After reporting some of the nooze today, I felt the need to flush my mind–with a good cigar and a Blandings Castle story by P.G. Wodehouse, in a collection called Lord Emsworth Acts for the Best.

These are among the funniest stories ever written, and Wodehouse wrote them for 62 years. The cast of characters at Blandings features the absent-minded Lord Emsworth, master of the castle and all-around fumbler, his tyrannical sister, Connie, his ninnie of a son, Freddie, the monumental butler, Beach, and a multitude of guest stars, each one daffier than the other. Just getting through the day is challenge enough for these people.

Wodehouse, also famous for his Jeeves & Wooster stories, is unique in that there’s hardly a single paragraph that doesn’t pack at least one laugh line. Lord Emsworth, for instance, hates to dress up: his favorite suit makes him look “like a minor employee with a firm of shady detectives.” The earl’s wandering mind, if you want to call it a mind, can’t keep hold of the thread of any conversation.
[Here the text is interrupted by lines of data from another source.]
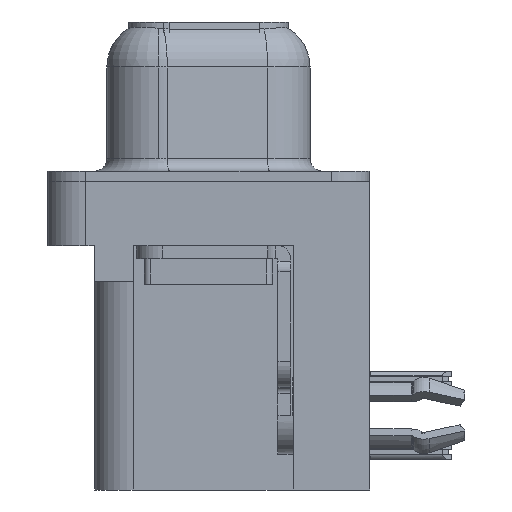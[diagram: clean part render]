
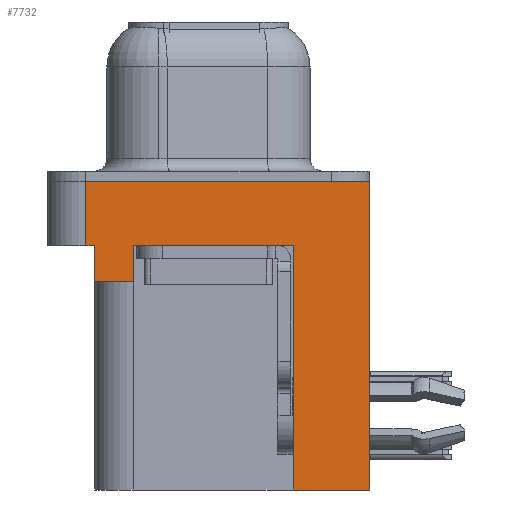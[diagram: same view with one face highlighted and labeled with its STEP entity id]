
A CAD part, left-side view. The second image highlights one B-rep face of the part: STEP entity #7732.
In plain terms, the highlighted planar face has unit normal (-1, 0, 0).
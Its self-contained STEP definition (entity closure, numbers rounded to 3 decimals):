
#54 = LINE ( 'NONE', #29560, #6365 ) ;
#287 = EDGE_CURVE ( 'NONE', #5359, #32640, #13022, .T. ) ;
#567 = VERTEX_POINT ( 'NONE', #11729 ) ;
#658 = EDGE_CURVE ( 'NONE', #20493, #567, #6284, .T. ) ;
#902 = VECTOR ( 'NONE', #21114, 1000. ) ;
#1411 = LINE ( 'NONE', #6527, #5326 ) ;
#1761 = DIRECTION ( 'NONE',  ( 0., -1., 0. ) ) ;
#2017 = DIRECTION ( 'NONE',  ( 0., -1., 0. ) ) ;
#2400 = VECTOR ( 'NONE', #2017, 1000. ) ;
#3615 = DIRECTION ( 'NONE',  ( -1., 0., 0. ) ) ;
#3910 = VECTOR ( 'NONE', #32157, 1000. ) ;
#5326 = VECTOR ( 'NONE', #6859, 1000. ) ;
#5359 = VERTEX_POINT ( 'NONE', #23493 ) ;
#5835 = VERTEX_POINT ( 'NONE', #16546 ) ;
#6004 = PLANE ( 'NONE',  #11609 ) ;
#6284 = LINE ( 'NONE', #27597, #3910 ) ;
#6365 = VECTOR ( 'NONE', #1761, 1000. ) ;
#6527 = CARTESIAN_POINT ( 'NONE',  ( -3., -6.275, 0. ) ) ;
#6859 = DIRECTION ( 'NONE',  ( 0., -1., 0. ) ) ;
#7674 = EDGE_CURVE ( 'NONE', #12131, #17310, #12423, .T. ) ;
#7732 = ADVANCED_FACE ( 'NONE', ( #26712 ), #6004, .T. ) ;
#7764 = DIRECTION ( 'NONE',  ( 0., 1., 0. ) ) ;
#8781 = CARTESIAN_POINT ( 'NONE',  ( -3., -6.275, -2.5 ) ) ;
#9630 = VECTOR ( 'NONE', #13541, 1000. ) ;
#9856 = EDGE_CURVE ( 'NONE', #32640, #5835, #23436, .T. ) ;
#9916 = EDGE_CURVE ( 'NONE', #16318, #26487, #54, .T. ) ;
#10543 = CARTESIAN_POINT ( 'NONE',  ( -3., -3.295, -12. ) ) ;
#11192 = EDGE_LOOP ( 'NONE', ( #30728, #27462, #28531, #20226, #27590, #26958, #14248, #20219, #21964, #27935 ) ) ;
#11609 = AXIS2_PLACEMENT_3D ( 'NONE', #8781, #3615, #24140 ) ;
#11622 = DIRECTION ( 'NONE',  ( 0., 0., 1. ) ) ;
#11729 = CARTESIAN_POINT ( 'NONE',  ( -3., 4.775, 0. ) ) ;
#11993 = VECTOR ( 'NONE', #27593, 1000. ) ;
#12131 = VERTEX_POINT ( 'NONE', #18298 ) ;
#12423 = LINE ( 'NONE', #10543, #9630 ) ;
#12508 = CARTESIAN_POINT ( 'NONE',  ( -3., -6.275, 0. ) ) ;
#13022 = LINE ( 'NONE', #25318, #32391 ) ;
#13426 = LINE ( 'NONE', #14468, #2400 ) ;
#13506 = CARTESIAN_POINT ( 'NONE',  ( -3., 2.895, -3.9 ) ) ;
#13541 = DIRECTION ( 'NONE',  ( 0., 1., 0. ) ) ;
#14248 = ORIENTED_EDGE ( 'NONE', *, *, #9916, .T. ) ;
#14468 = CARTESIAN_POINT ( 'NONE',  ( -3., -6.275, -2.5 ) ) ;
#14660 = CARTESIAN_POINT ( 'NONE',  ( -3., -3.295, -12. ) ) ;
#15447 = CARTESIAN_POINT ( 'NONE',  ( -3., -3.295, -2.5 ) ) ;
#16318 = VERTEX_POINT ( 'NONE', #23003 ) ;
#16546 = CARTESIAN_POINT ( 'NONE',  ( -3., 4.425, -2.5 ) ) ;
#17310 = VERTEX_POINT ( 'NONE', #18239 ) ;
#18239 = CARTESIAN_POINT ( 'NONE',  ( -3., -3.295, -12. ) ) ;
#18298 = CARTESIAN_POINT ( 'NONE',  ( -3., -6.275, -12. ) ) ;
#20219 = ORIENTED_EDGE ( 'NONE', *, *, #29954, .F. ) ;
#20226 = ORIENTED_EDGE ( 'NONE', *, *, #9856, .F. ) ;
#20299 = CARTESIAN_POINT ( 'NONE',  ( -3., -6.275, -2.5 ) ) ;
#20493 = VERTEX_POINT ( 'NONE', #25505 ) ;
#20855 = EDGE_CURVE ( 'NONE', #567, #24049, #1411, .T. ) ;
#21114 = DIRECTION ( 'NONE',  ( 0., 0., 1. ) ) ;
#21964 = ORIENTED_EDGE ( 'NONE', *, *, #7674, .F. ) ;
#22272 = LINE ( 'NONE', #13506, #902 ) ;
#23003 = CARTESIAN_POINT ( 'NONE',  ( -3., 2.895, -2.5 ) ) ;
#23436 = LINE ( 'NONE', #28101, #24201 ) ;
#23493 = CARTESIAN_POINT ( 'NONE',  ( -3., 2.895, -3.9 ) ) ;
#24049 = VERTEX_POINT ( 'NONE', #12508 ) ;
#24140 = DIRECTION ( 'NONE',  ( 0., 0., 1. ) ) ;
#24201 = VECTOR ( 'NONE', #11622, 1000. ) ;
#25318 = CARTESIAN_POINT ( 'NONE',  ( -3., 4.425, -3.9 ) ) ;
#25505 = CARTESIAN_POINT ( 'NONE',  ( -3., 4.775, -2.5 ) ) ;
#26487 = VERTEX_POINT ( 'NONE', #15447 ) ;
#26565 = LINE ( 'NONE', #20299, #11993 ) ;
#26712 = FACE_OUTER_BOUND ( 'NONE', #11192, .T. ) ;
#26958 = ORIENTED_EDGE ( 'NONE', *, *, #27602, .T. ) ;
#27462 = ORIENTED_EDGE ( 'NONE', *, *, #658, .F. ) ;
#27590 = ORIENTED_EDGE ( 'NONE', *, *, #287, .F. ) ;
#27593 = DIRECTION ( 'NONE',  ( 0., 0., 1. ) ) ;
#27597 = CARTESIAN_POINT ( 'NONE',  ( -3., 4.775, -2.5 ) ) ;
#27602 = EDGE_CURVE ( 'NONE', #5359, #16318, #22272, .T. ) ;
#27778 = EDGE_CURVE ( 'NONE', #12131, #24049, #26565, .T. ) ;
#27935 = ORIENTED_EDGE ( 'NONE', *, *, #27778, .T. ) ;
#28101 = CARTESIAN_POINT ( 'NONE',  ( -3., 4.425, -3.9 ) ) ;
#28531 = ORIENTED_EDGE ( 'NONE', *, *, #30398, .T. ) ;
#29560 = CARTESIAN_POINT ( 'NONE',  ( -3., -6.275, -2.5 ) ) ;
#29779 = CARTESIAN_POINT ( 'NONE',  ( -3., 4.425, -3.9 ) ) ;
#29954 = EDGE_CURVE ( 'NONE', #17310, #26487, #30830, .T. ) ;
#30398 = EDGE_CURVE ( 'NONE', #20493, #5835, #13426, .T. ) ;
#30448 = VECTOR ( 'NONE', #32359, 1000. ) ;
#30728 = ORIENTED_EDGE ( 'NONE', *, *, #20855, .F. ) ;
#30830 = LINE ( 'NONE', #14660, #30448 ) ;
#32157 = DIRECTION ( 'NONE',  ( 0., 0., 1. ) ) ;
#32359 = DIRECTION ( 'NONE',  ( 0., 0., 1. ) ) ;
#32391 = VECTOR ( 'NONE', #7764, 1000. ) ;
#32640 = VERTEX_POINT ( 'NONE', #29779 ) ;
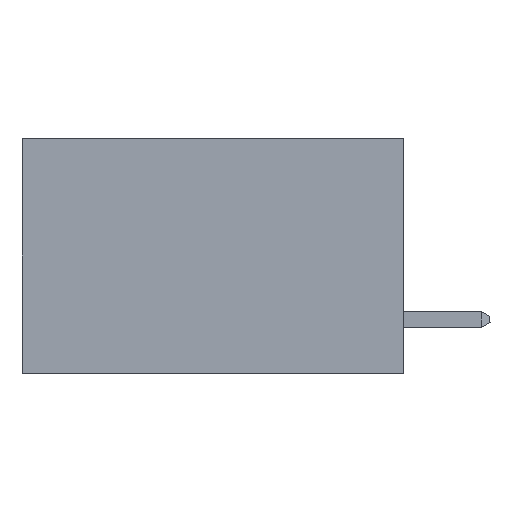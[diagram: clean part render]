
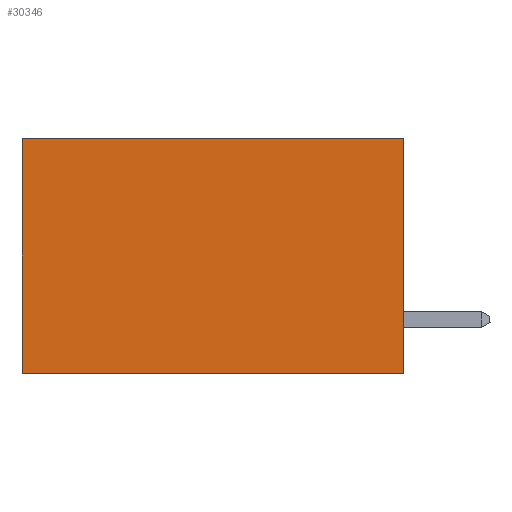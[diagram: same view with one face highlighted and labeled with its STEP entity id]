
A CAD part, left-side view. The second image highlights one B-rep face of the part: STEP entity #30346.
In plain terms, the highlighted planar face has unit normal (-1, 0, 0).
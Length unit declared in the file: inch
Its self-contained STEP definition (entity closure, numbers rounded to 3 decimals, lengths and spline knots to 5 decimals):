
#232 = VERTEX_POINT ( 'NONE', #818 ) ;
#818 = CARTESIAN_POINT ( 'NONE',  ( 0.2875, 0.6, -0.37 ) ) ;
#1632 = CARTESIAN_POINT ( 'NONE',  ( 0.2875, 0., -0.37 ) ) ;
#2803 = DIRECTION ( 'NONE',  ( 0., 1., 0. ) ) ;
#3295 = ORIENTED_EDGE ( 'NONE', *, *, #37399, .T. ) ;
#5901 = VECTOR ( 'NONE', #25427, 39.37008 ) ;
#7551 = AXIS2_PLACEMENT_3D ( 'NONE', #36748, #12923, #28187 ) ;
#8491 = ORIENTED_EDGE ( 'NONE', *, *, #27045, .F. ) ;
#8736 = CARTESIAN_POINT ( 'NONE',  ( 0.2875, 0., 0. ) ) ;
#9270 = VERTEX_POINT ( 'NONE', #18993 ) ;
#9436 = DIRECTION ( 'NONE',  ( 0., 0., -1. ) ) ;
#11231 = EDGE_CURVE ( 'NONE', #9270, #232, #21633, .T. ) ;
#12923 = DIRECTION ( 'NONE',  ( 1., 0., 0. ) ) ;
#15101 = LINE ( 'NONE', #1632, #39252 ) ;
#15169 = CARTESIAN_POINT ( 'NONE',  ( 0.2875, 0., 0. ) ) ;
#15567 = PLANE ( 'NONE',  #7551 ) ;
#16991 = EDGE_CURVE ( 'NONE', #24195, #22674, #39029, .T. ) ;
#17723 = ORIENTED_EDGE ( 'NONE', *, *, #11231, .T. ) ;
#18993 = CARTESIAN_POINT ( 'NONE',  ( 0.2875, 0.6, 0. ) ) ;
#19287 = CARTESIAN_POINT ( 'NONE',  ( 0.2875, 0.6, 0. ) ) ;
#19501 = EDGE_LOOP ( 'NONE', ( #17723, #8491, #23121, #3295 ) ) ;
#20723 = VECTOR ( 'NONE', #2803, 39.37008 ) ;
#21633 = LINE ( 'NONE', #19287, #5901 ) ;
#22674 = VERTEX_POINT ( 'NONE', #22811 ) ;
#22811 = CARTESIAN_POINT ( 'NONE',  ( 0.2875, 0., -0.37 ) ) ;
#23121 = ORIENTED_EDGE ( 'NONE', *, *, #16991, .F. ) ;
#24195 = VERTEX_POINT ( 'NONE', #15169 ) ;
#24917 = VECTOR ( 'NONE', #9436, 39.37008 ) ;
#25427 = DIRECTION ( 'NONE',  ( 0., 0., -1. ) ) ;
#25769 = FACE_OUTER_BOUND ( 'NONE', #19501, .T. ) ;
#27045 = EDGE_CURVE ( 'NONE', #22674, #232, #15101, .T. ) ;
#28187 = DIRECTION ( 'NONE',  ( 0., 0., -1. ) ) ;
#28807 = LINE ( 'NONE', #8736, #20723 ) ;
#29575 = DIRECTION ( 'NONE',  ( 0., 1., 0. ) ) ;
#30346 = ADVANCED_FACE ( 'NONE', ( #25769 ), #15567, .F. ) ;
#32626 = CARTESIAN_POINT ( 'NONE',  ( 0.2875, 0., 0. ) ) ;
#36748 = CARTESIAN_POINT ( 'NONE',  ( 0.2875, 0., 0. ) ) ;
#37399 = EDGE_CURVE ( 'NONE', #24195, #9270, #28807, .T. ) ;
#39029 = LINE ( 'NONE', #32626, #24917 ) ;
#39252 = VECTOR ( 'NONE', #29575, 39.37008 ) ;
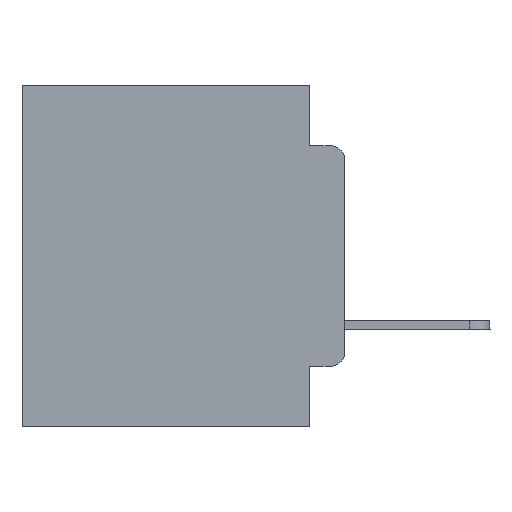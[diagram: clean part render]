
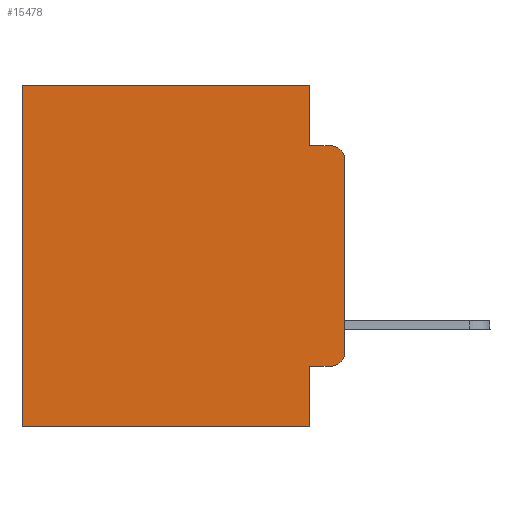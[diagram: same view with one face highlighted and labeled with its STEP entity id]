
A CAD part, left-side view. The second image highlights one B-rep face of the part: STEP entity #15478.
In plain terms, the highlighted planar face has unit normal (-1, 0, 0).
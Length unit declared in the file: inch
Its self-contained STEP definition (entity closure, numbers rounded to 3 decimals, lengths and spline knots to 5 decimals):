
#216 = EDGE_CURVE ( 'NONE', #23624, #26201, #20777, .T. ) ;
#676 = VERTEX_POINT ( 'NONE', #19763 ) ;
#2082 = AXIS2_PLACEMENT_3D ( 'NONE', #6770, #15343, #6919 ) ;
#2228 = DIRECTION ( 'NONE',  ( 0., 0., -1. ) ) ;
#2905 = ORIENTED_EDGE ( 'NONE', *, *, #21363, .T. ) ;
#3031 = CARTESIAN_POINT ( 'NONE',  ( 0.298, 0.051, -0.4115 ) ) ;
#3353 = DIRECTION ( 'NONE',  ( 0., 0., -1. ) ) ;
#3505 = CARTESIAN_POINT ( 'NONE',  ( 0.298, 0.051, 0. ) ) ;
#4027 = DIRECTION ( 'NONE',  ( 0., 1., 0. ) ) ;
#4101 = EDGE_LOOP ( 'NONE', ( #23157, #8795, #6672, #17793, #10913, #26829, #15846, #13833, #2905, #18324 ) ) ;
#4618 = LINE ( 'NONE', #10801, #26764 ) ;
#5152 = VERTEX_POINT ( 'NONE', #18725 ) ;
#5280 = DIRECTION ( 'NONE',  ( 0., 1., 0. ) ) ;
#5826 = EDGE_CURVE ( 'NONE', #26726, #14255, #26130, .T. ) ;
#6240 = DIRECTION ( 'NONE',  ( 0., 0., -1. ) ) ;
#6467 = EDGE_CURVE ( 'NONE', #676, #14255, #7947, .T. ) ;
#6672 = ORIENTED_EDGE ( 'NONE', *, *, #7776, .F. ) ;
#6708 = VERTEX_POINT ( 'NONE', #17054 ) ;
#6770 = CARTESIAN_POINT ( 'NONE',  ( 0.298, 0., 0. ) ) ;
#6919 = DIRECTION ( 'NONE',  ( 0., 0., -1. ) ) ;
#7035 = VECTOR ( 'NONE', #18673, 39.37008 ) ;
#7529 = LINE ( 'NONE', #3031, #25147 ) ;
#7588 = DIRECTION ( 'NONE',  ( 0., 0., -1. ) ) ;
#7776 = EDGE_CURVE ( 'NONE', #6708, #26523, #16748, .T. ) ;
#7947 = LINE ( 'NONE', #23123, #17182 ) ;
#8167 = CARTESIAN_POINT ( 'NONE',  ( 0.298, 0.051, -0.0885 ) ) ;
#8795 = ORIENTED_EDGE ( 'NONE', *, *, #18984, .T. ) ;
#8991 = DIRECTION ( 'NONE',  ( -1., 0., 0. ) ) ;
#9361 = CARTESIAN_POINT ( 'NONE',  ( 0.298, 0., -0.5 ) ) ;
#10251 = CARTESIAN_POINT ( 'NONE',  ( 0.298, 0.051, -0.5 ) ) ;
#10801 = CARTESIAN_POINT ( 'NONE',  ( 0.298, 0.473, 0. ) ) ;
#10913 = ORIENTED_EDGE ( 'NONE', *, *, #13262, .T. ) ;
#11782 = CARTESIAN_POINT ( 'NONE',  ( 0.298, 0.02, -0.1085 ) ) ;
#12058 = VECTOR ( 'NONE', #5280, 39.37008 ) ;
#13262 = EDGE_CURVE ( 'NONE', #24711, #22159, #23568, .T. ) ;
#13833 = ORIENTED_EDGE ( 'NONE', *, *, #216, .F. ) ;
#14255 = VERTEX_POINT ( 'NONE', #22357 ) ;
#15343 = DIRECTION ( 'NONE',  ( 1., 0., 0. ) ) ;
#15478 = ADVANCED_FACE ( 'NONE', ( #23771 ), #24058, .F. ) ;
#15846 = ORIENTED_EDGE ( 'NONE', *, *, #18261, .F. ) ;
#15981 = CARTESIAN_POINT ( 'NONE',  ( 0.298, 0.02, -0.0885 ) ) ;
#16173 = EDGE_CURVE ( 'NONE', #24711, #6708, #20368, .T. ) ;
#16396 = EDGE_CURVE ( 'NONE', #22159, #5152, #4618, .T. ) ;
#16470 = DIRECTION ( 'NONE',  ( 0., -1., 0. ) ) ;
#16748 = LINE ( 'NONE', #8167, #24442 ) ;
#17054 = CARTESIAN_POINT ( 'NONE',  ( 0.298, 0.051, -0.0885 ) ) ;
#17182 = VECTOR ( 'NONE', #6240, 39.37008 ) ;
#17545 = CARTESIAN_POINT ( 'NONE',  ( 0.298, 0.473, 0. ) ) ;
#17793 = ORIENTED_EDGE ( 'NONE', *, *, #16173, .F. ) ;
#18200 = DIRECTION ( 'NONE',  ( 0., -1., 0. ) ) ;
#18252 = CARTESIAN_POINT ( 'NONE',  ( 0.298, 0.051, 0. ) ) ;
#18261 = EDGE_CURVE ( 'NONE', #26201, #5152, #24535, .T. ) ;
#18324 = ORIENTED_EDGE ( 'NONE', *, *, #5826, .T. ) ;
#18536 = CARTESIAN_POINT ( 'NONE',  ( 0.298, 0.051, -0.4115 ) ) ;
#18673 = DIRECTION ( 'NONE',  ( 0., 0., -1. ) ) ;
#18725 = CARTESIAN_POINT ( 'NONE',  ( 0.298, 0.473, -0.5 ) ) ;
#18953 = AXIS2_PLACEMENT_3D ( 'NONE', #19512, #8991, #26113 ) ;
#18984 = EDGE_CURVE ( 'NONE', #676, #26523, #21065, .T. ) ;
#19512 = CARTESIAN_POINT ( 'NONE',  ( 0.298, 0.02, -0.3915 ) ) ;
#19763 = CARTESIAN_POINT ( 'NONE',  ( 0.298, 0., -0.1085 ) ) ;
#20368 = LINE ( 'NONE', #26813, #24996 ) ;
#20777 = LINE ( 'NONE', #3505, #7035 ) ;
#21065 = CIRCLE ( 'NONE', #25549, 0.02 ) ;
#21363 = EDGE_CURVE ( 'NONE', #23624, #26726, #7529, .T. ) ;
#21576 = CARTESIAN_POINT ( 'NONE',  ( 0.298, 0.02, -0.4115 ) ) ;
#22159 = VERTEX_POINT ( 'NONE', #17545 ) ;
#22172 = VECTOR ( 'NONE', #4027, 39.37008 ) ;
#22357 = CARTESIAN_POINT ( 'NONE',  ( 0.298, 0., -0.3915 ) ) ;
#22883 = DIRECTION ( 'NONE',  ( -1., 0., 0. ) ) ;
#23123 = CARTESIAN_POINT ( 'NONE',  ( 0.298, 0., 0. ) ) ;
#23157 = ORIENTED_EDGE ( 'NONE', *, *, #6467, .F. ) ;
#23285 = CARTESIAN_POINT ( 'NONE',  ( 0.298, 0., 0. ) ) ;
#23568 = LINE ( 'NONE', #23285, #22172 ) ;
#23624 = VERTEX_POINT ( 'NONE', #18536 ) ;
#23771 = FACE_OUTER_BOUND ( 'NONE', #4101, .T. ) ;
#24058 = PLANE ( 'NONE',  #2082 ) ;
#24442 = VECTOR ( 'NONE', #16470, 39.37008 ) ;
#24535 = LINE ( 'NONE', #9361, #12058 ) ;
#24711 = VERTEX_POINT ( 'NONE', #18252 ) ;
#24996 = VECTOR ( 'NONE', #7588, 39.37008 ) ;
#25147 = VECTOR ( 'NONE', #18200, 39.37008 ) ;
#25549 = AXIS2_PLACEMENT_3D ( 'NONE', #11782, #22883, #3353 ) ;
#26113 = DIRECTION ( 'NONE',  ( 0., 0., -1. ) ) ;
#26130 = CIRCLE ( 'NONE', #18953, 0.02 ) ;
#26201 = VERTEX_POINT ( 'NONE', #10251 ) ;
#26523 = VERTEX_POINT ( 'NONE', #15981 ) ;
#26726 = VERTEX_POINT ( 'NONE', #21576 ) ;
#26764 = VECTOR ( 'NONE', #2228, 39.37008 ) ;
#26813 = CARTESIAN_POINT ( 'NONE',  ( 0.298, 0.051, 0. ) ) ;
#26829 = ORIENTED_EDGE ( 'NONE', *, *, #16396, .T. ) ;
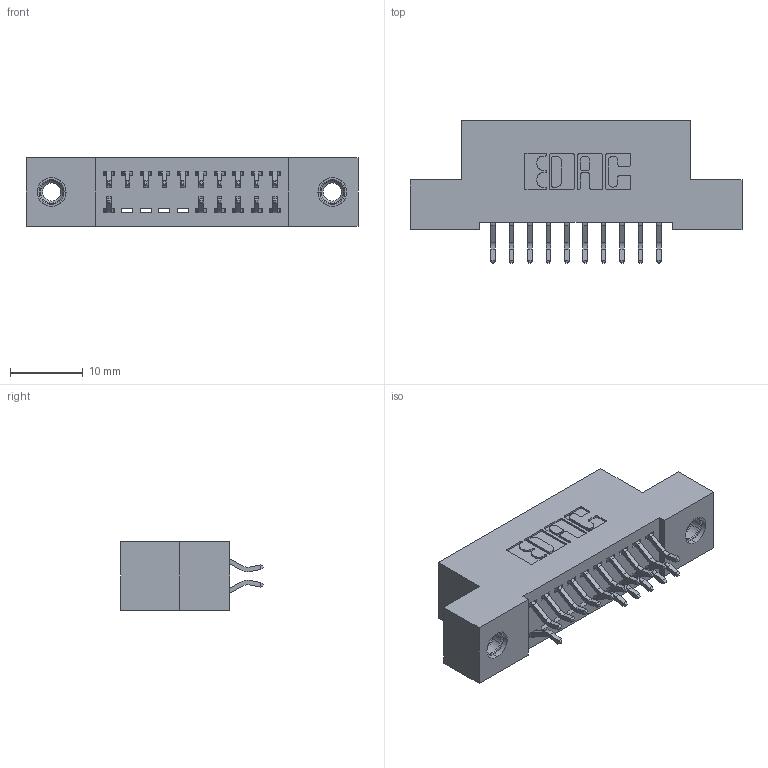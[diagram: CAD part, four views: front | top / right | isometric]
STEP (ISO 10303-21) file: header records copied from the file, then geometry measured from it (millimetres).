
FILE_DESCRIPTION (( 'STEP AP203' ), '1' );
FILE_NAME ('392-020-556-207.STEP', '2018-08-15T07:07:30', ( '' ), ( '' ), 'SwSTEP 2.0', 'SolidWorks 2016', '' );
FILE_SCHEMA (( 'CONFIG_CONTROL_DESIGN' ));
Length unit declared in the file: inch
Products named in the file (4): 342 Part_TI; 345-292-001_556 Tail; 345-250-001_345-250-005-103; 392-020-556-207
Assembly tree (19 placements, depth 2):
  392-020-556-207
    342 Part_TI
    345-292-001_556 Tail  x16
    345-250-001_345-250-005-103  x2
Bounding box: 45.72 x 19.58 x 9.4 mm (x, y, z)
Volume: 3907.4 mm3; surface area: 5383.1 mm2
Topology: 19 solids, 19 shells, 1122 faces, 3287 edges, 2162 vertices
Faces by surface type: plane 762, cylinder 344, cone 12, torus 4
Entity records: 11718 total; most frequent: CARTESIAN_POINT 1993, ORIENTED_EDGE 1914, DIRECTION 1775, EDGE_CURVE 957, VECTOR 801, LINE 801, VERTEX_POINT 632, AXIS2_PLACEMENT_3D 487

But it’s futile to try to describe such a heaped treasury of laughter.

There’s also a BBC TV series, Blandings, which quite faithfully presents a dozen of these stories in all their glorious inanity. Catch it if you can!

Thanks to the title story, which at one place made me laugh aloud, causing the cigar to fall out of my mouth and onto my lap–quick and decisive action averted a disaster–my mind has been flushed and I’m ready to go back to work typing up chapters of my current Bell Mountain book, His Mercy Endureth Forever.

Thank you, Lord, for P.G. Wodehouse and his preposterous comedies.